23 December 2008

Fading

My family is fading to black.

I don't mean my immediate family of husband, children, parents, siblings. I mean my cousins. Specifically, my father's first-cousins: Violet, Penny, Jim, Deskar, and Clorine.

It was hard for me, as a child, to understand that one could have cousins older than oneself. In my childish mind, the aunts and uncles were older whereas the cousins were my age or younger. This is how my father's first-cousin became my "Aunt" Clorine. She and her husband, my "Uncle" Deskar, were my favorite family members from my father's hardscrabble, coal mining family. I would spend a few days each summer roaming around their Beckley, West Virginia home, quietly reading in every corner of their brick house. Aunt Clorine had a West Virginia drawl, made raspy from a lifetime of smoking while Uncle Deskar's World War II, shrapnel-induced whispers made all of us keep our voices low so that he could be heard. I miss my father's cousins, not just because they are my last connection to West Virginia, but also because they are my last connection to my father. These cousins are the vessels who hold memories of my father as a child and young man.

And they are slowly, inexorably dying. One by one the people who knew my father are fading into the shadows. Uncle Deskar walked to the side of his house to apply fertilizer to the grass, fell when the heart attack hit, and never got up. Violet begged me to bury my father's ashes rather than scatter them, so that she could visit him. And she was dead within the year. Penny slowly slipped away after her husband's passing. She had no need of this life after Charlie's exit from it. And Jim? Well, he is just gone. Poof. One minute, I was addressing a Christmas card to Molly and Jim and in return, I received a card from just Molly, telling me of Jim's passing. In October. Dead for nearly two months and I didn't know it, didn't even feel a ripple or a sense that someone I love is now missing.

Clorine is currently going through chemotherapy. She sounds sad in every letter I receive from her. No matter how many times I try to sound upbeat on the phone or in my letters, a piece of her is missing. Several pieces, actually. And those pieces are with her brother Jim, her sisters Violet and Penny, and my Uncle Deskar. I don't think there's enough of her left to live on this Earth much longer.

And when she is gone, a piece of me will go, too. And I will then continue the journey begun with my father and Uncle Curtis. Another piece of me will go to the ground with her and remain until it is my time.

I miss you, my family. Be happy, wherever you are.

5 comments:

Avitable said...

You paint a very vivid picture of your favorite cousins and it makes it easy to understand why you feel the way that you do.

Molly's Mom said...

I hate, hate, hate getting older right now. My dad was the last of his immediate family...it is so very hard to take sometimes.

Keep your chin up. And BTW, did you get a UPS package recently??

RiverPoet said...

I know, I know. Every one of my aunts and uncles is gone except for one, and she's in bad shape. My cousins are still around, but they are in their fifties and sixties now. I know what is to come.

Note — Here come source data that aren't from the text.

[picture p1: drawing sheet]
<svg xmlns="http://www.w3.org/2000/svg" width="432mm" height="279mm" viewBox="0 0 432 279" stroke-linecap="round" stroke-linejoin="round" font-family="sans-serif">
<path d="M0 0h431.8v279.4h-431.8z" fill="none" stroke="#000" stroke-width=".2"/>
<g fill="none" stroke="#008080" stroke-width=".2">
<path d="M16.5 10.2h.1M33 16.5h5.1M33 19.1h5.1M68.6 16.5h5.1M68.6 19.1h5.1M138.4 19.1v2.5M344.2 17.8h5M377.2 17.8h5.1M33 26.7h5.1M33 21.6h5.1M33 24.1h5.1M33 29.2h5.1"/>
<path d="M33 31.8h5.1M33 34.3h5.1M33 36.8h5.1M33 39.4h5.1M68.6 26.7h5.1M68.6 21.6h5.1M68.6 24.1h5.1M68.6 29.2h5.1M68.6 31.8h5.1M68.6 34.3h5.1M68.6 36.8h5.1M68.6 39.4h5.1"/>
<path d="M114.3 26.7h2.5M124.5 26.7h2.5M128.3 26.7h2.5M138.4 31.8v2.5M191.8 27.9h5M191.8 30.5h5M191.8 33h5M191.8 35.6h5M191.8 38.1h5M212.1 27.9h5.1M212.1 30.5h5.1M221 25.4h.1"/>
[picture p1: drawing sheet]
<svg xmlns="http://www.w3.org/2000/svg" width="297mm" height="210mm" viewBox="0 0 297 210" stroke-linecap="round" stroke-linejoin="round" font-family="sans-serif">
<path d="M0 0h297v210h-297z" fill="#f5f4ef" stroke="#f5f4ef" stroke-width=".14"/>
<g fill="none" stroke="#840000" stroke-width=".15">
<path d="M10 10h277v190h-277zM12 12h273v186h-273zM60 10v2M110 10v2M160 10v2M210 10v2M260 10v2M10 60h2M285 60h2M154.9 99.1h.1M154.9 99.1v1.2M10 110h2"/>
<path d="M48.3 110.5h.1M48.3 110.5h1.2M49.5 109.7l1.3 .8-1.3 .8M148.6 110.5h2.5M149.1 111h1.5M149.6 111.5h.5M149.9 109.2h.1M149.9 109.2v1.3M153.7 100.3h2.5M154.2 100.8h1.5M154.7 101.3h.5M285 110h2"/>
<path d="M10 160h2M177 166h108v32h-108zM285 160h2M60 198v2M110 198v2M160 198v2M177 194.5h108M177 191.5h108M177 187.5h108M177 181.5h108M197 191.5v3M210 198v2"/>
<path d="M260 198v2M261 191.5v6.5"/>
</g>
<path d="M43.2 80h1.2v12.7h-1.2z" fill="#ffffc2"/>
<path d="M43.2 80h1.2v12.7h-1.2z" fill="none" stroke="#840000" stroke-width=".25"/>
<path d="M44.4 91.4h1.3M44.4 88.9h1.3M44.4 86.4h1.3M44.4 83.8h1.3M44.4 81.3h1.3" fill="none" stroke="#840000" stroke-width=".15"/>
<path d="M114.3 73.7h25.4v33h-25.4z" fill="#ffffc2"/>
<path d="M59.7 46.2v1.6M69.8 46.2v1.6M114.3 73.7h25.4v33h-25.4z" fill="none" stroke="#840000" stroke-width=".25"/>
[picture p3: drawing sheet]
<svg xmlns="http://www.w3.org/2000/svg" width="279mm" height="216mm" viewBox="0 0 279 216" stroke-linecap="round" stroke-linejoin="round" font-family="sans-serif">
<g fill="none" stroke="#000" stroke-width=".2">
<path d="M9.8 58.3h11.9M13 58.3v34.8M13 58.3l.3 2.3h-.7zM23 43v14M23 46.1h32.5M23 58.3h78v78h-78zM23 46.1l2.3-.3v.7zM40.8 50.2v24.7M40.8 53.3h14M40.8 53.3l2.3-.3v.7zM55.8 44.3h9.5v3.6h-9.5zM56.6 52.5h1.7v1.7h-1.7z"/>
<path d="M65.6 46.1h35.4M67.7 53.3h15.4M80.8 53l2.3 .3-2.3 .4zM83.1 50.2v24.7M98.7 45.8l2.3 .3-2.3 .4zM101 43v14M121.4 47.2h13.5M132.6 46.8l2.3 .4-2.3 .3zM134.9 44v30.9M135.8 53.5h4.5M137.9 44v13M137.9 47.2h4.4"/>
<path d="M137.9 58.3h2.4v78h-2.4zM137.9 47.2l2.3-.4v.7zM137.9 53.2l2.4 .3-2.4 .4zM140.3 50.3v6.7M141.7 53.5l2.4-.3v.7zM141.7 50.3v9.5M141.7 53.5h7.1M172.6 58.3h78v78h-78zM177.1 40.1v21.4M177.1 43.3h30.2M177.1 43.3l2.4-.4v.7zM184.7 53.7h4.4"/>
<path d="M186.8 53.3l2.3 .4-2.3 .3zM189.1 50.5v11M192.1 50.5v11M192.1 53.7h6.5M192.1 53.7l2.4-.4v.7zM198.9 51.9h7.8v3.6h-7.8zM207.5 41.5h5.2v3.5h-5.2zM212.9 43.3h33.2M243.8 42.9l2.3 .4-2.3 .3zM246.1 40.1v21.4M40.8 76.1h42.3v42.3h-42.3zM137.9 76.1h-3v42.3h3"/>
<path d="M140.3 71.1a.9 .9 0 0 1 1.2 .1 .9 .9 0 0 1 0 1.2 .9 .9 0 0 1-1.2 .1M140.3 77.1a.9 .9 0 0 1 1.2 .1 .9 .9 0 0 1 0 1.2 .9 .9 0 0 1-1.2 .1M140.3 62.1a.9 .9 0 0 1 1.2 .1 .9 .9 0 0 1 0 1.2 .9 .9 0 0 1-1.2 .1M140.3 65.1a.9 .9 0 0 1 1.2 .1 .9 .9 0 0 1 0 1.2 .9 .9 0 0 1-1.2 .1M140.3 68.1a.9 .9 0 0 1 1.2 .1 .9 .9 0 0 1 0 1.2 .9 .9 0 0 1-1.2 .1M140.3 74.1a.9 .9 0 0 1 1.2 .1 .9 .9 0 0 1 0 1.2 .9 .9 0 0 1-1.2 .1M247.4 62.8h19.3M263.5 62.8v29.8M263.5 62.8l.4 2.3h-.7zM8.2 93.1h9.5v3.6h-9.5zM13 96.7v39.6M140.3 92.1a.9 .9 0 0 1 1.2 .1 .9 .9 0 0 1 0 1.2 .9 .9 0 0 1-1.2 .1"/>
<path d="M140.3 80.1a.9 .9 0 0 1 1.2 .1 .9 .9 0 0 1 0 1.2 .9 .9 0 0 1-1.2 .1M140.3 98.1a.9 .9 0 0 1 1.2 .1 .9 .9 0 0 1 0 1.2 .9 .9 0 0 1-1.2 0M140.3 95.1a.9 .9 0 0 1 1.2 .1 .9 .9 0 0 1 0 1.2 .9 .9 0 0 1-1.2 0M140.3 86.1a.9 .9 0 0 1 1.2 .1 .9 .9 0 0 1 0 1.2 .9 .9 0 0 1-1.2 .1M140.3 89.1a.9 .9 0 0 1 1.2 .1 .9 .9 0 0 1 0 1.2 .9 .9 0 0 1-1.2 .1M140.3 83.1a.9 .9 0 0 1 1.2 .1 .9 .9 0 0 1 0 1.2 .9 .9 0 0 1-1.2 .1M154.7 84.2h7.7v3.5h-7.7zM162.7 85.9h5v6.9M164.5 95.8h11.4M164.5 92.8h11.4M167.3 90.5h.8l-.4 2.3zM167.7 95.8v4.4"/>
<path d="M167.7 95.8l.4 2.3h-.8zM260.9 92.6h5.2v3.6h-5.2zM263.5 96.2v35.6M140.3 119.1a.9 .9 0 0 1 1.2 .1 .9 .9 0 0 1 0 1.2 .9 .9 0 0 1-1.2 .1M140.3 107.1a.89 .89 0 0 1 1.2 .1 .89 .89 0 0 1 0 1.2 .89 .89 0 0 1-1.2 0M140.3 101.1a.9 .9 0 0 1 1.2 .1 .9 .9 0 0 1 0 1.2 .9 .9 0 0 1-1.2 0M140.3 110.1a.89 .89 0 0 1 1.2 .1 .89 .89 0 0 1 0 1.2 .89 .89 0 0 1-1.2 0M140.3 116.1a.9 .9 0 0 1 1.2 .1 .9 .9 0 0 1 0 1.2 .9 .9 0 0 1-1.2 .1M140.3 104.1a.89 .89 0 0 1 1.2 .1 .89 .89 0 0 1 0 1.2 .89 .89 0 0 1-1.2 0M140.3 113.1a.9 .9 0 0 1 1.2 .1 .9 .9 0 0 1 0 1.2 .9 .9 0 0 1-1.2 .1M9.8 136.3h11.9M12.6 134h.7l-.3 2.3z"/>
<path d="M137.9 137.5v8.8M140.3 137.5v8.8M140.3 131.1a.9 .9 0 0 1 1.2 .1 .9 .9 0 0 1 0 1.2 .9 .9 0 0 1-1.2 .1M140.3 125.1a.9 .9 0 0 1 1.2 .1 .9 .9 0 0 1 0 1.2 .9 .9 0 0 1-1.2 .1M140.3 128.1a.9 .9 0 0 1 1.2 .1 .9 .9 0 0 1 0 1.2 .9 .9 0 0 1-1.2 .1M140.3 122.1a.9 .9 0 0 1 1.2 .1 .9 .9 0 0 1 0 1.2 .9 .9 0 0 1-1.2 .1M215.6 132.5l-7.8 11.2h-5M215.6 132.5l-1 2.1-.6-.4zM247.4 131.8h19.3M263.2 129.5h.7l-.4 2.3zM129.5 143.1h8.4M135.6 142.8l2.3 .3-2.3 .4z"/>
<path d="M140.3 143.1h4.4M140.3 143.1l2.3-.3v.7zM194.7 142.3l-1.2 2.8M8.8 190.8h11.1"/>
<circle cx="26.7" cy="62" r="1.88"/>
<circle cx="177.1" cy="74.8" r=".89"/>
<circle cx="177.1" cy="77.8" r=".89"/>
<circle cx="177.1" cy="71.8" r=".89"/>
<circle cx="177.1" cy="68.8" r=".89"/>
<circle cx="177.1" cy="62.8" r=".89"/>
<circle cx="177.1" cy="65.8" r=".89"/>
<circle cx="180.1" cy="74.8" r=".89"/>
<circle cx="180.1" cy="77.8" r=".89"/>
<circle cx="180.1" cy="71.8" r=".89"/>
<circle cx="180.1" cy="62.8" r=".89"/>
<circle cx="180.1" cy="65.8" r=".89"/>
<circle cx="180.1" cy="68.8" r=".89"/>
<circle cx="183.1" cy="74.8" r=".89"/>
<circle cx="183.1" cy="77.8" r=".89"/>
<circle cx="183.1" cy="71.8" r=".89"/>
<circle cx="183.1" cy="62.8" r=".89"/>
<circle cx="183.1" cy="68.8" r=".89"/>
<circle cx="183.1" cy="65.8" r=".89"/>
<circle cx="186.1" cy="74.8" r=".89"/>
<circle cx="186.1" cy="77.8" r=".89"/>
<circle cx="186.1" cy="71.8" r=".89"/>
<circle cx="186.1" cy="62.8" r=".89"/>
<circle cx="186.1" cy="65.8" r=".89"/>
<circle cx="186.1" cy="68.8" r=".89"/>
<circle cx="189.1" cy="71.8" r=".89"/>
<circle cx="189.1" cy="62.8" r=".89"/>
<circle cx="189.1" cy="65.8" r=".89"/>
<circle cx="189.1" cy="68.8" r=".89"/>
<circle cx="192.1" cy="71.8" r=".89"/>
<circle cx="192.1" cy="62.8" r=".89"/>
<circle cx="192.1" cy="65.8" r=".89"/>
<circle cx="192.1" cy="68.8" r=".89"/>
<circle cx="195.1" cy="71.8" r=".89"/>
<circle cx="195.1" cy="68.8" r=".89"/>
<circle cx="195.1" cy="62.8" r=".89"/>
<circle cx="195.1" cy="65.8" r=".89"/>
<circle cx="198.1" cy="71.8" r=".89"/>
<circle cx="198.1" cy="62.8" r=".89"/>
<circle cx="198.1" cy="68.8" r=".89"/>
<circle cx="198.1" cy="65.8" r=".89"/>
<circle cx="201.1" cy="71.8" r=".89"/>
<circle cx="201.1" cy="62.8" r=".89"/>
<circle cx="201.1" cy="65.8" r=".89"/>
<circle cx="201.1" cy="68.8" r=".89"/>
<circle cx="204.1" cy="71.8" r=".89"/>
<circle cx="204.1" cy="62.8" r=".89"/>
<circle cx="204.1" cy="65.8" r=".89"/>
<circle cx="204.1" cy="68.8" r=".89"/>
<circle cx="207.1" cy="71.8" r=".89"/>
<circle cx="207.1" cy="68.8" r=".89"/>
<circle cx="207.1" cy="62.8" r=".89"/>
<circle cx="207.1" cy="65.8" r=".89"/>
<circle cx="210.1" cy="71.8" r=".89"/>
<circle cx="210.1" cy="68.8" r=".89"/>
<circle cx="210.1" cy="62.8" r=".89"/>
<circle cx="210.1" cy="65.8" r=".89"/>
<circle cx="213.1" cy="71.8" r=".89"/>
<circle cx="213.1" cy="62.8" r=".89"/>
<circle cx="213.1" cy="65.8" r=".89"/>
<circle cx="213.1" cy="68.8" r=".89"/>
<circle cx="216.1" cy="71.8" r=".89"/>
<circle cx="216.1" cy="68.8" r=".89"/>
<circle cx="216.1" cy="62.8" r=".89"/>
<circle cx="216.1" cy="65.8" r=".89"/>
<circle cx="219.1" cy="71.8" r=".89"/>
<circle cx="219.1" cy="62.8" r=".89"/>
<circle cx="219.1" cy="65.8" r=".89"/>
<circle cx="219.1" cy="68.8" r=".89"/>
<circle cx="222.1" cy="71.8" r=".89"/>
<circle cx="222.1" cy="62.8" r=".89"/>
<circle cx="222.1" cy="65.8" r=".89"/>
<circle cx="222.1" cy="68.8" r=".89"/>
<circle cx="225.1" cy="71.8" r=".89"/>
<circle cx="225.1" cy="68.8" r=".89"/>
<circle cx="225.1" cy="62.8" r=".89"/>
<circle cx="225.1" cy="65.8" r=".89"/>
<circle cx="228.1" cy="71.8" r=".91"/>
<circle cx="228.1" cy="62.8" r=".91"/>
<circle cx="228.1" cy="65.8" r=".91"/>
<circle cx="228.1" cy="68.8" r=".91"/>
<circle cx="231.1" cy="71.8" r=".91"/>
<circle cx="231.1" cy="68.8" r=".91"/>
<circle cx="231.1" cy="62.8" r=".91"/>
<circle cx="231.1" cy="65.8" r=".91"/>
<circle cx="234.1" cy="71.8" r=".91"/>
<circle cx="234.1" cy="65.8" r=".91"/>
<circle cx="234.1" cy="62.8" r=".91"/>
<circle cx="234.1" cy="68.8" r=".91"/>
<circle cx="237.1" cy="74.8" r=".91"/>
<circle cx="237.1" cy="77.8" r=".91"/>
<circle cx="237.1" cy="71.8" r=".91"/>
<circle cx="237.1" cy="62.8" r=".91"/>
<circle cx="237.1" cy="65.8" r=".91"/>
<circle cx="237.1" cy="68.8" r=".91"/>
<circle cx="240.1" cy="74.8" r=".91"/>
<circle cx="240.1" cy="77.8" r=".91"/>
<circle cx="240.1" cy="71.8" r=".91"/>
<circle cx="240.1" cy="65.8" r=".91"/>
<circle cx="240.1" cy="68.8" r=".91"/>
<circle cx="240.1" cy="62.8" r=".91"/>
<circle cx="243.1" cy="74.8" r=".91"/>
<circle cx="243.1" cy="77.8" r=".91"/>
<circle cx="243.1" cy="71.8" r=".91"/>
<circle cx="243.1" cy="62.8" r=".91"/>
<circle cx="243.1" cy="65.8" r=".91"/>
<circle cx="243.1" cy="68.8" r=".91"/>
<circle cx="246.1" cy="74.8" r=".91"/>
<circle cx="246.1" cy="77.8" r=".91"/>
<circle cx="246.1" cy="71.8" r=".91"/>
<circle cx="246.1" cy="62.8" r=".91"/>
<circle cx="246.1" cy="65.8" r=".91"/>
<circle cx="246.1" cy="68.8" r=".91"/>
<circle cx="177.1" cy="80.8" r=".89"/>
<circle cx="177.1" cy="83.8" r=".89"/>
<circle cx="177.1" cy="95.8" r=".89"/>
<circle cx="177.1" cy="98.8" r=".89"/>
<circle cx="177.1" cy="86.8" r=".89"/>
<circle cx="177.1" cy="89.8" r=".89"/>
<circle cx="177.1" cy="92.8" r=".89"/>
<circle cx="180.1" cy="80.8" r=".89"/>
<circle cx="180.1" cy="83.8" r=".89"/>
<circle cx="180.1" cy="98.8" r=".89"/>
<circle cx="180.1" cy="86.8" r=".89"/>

I wish your cousin, "Aunt Clorine", peace and gentleness whatever happens.

Peace - D

Gypsy said...

It's it awful? It does feel like we should know, like we should feel it.

I'm sorry, hon.

Also, their names? Are awesome.

Anonymous said...

Heather, you've got it muddled - it is not a piece of you that goes with them to the ground waiting for your inevitable arrival, but rather a piece of each of them that continues living in you and through you (and everyone else fortunate enough to be in that chain) with each telling, retelling, and blog writing and reading of stories about them. That is immortality = perpetuity of existence. Thank you so much for sharing.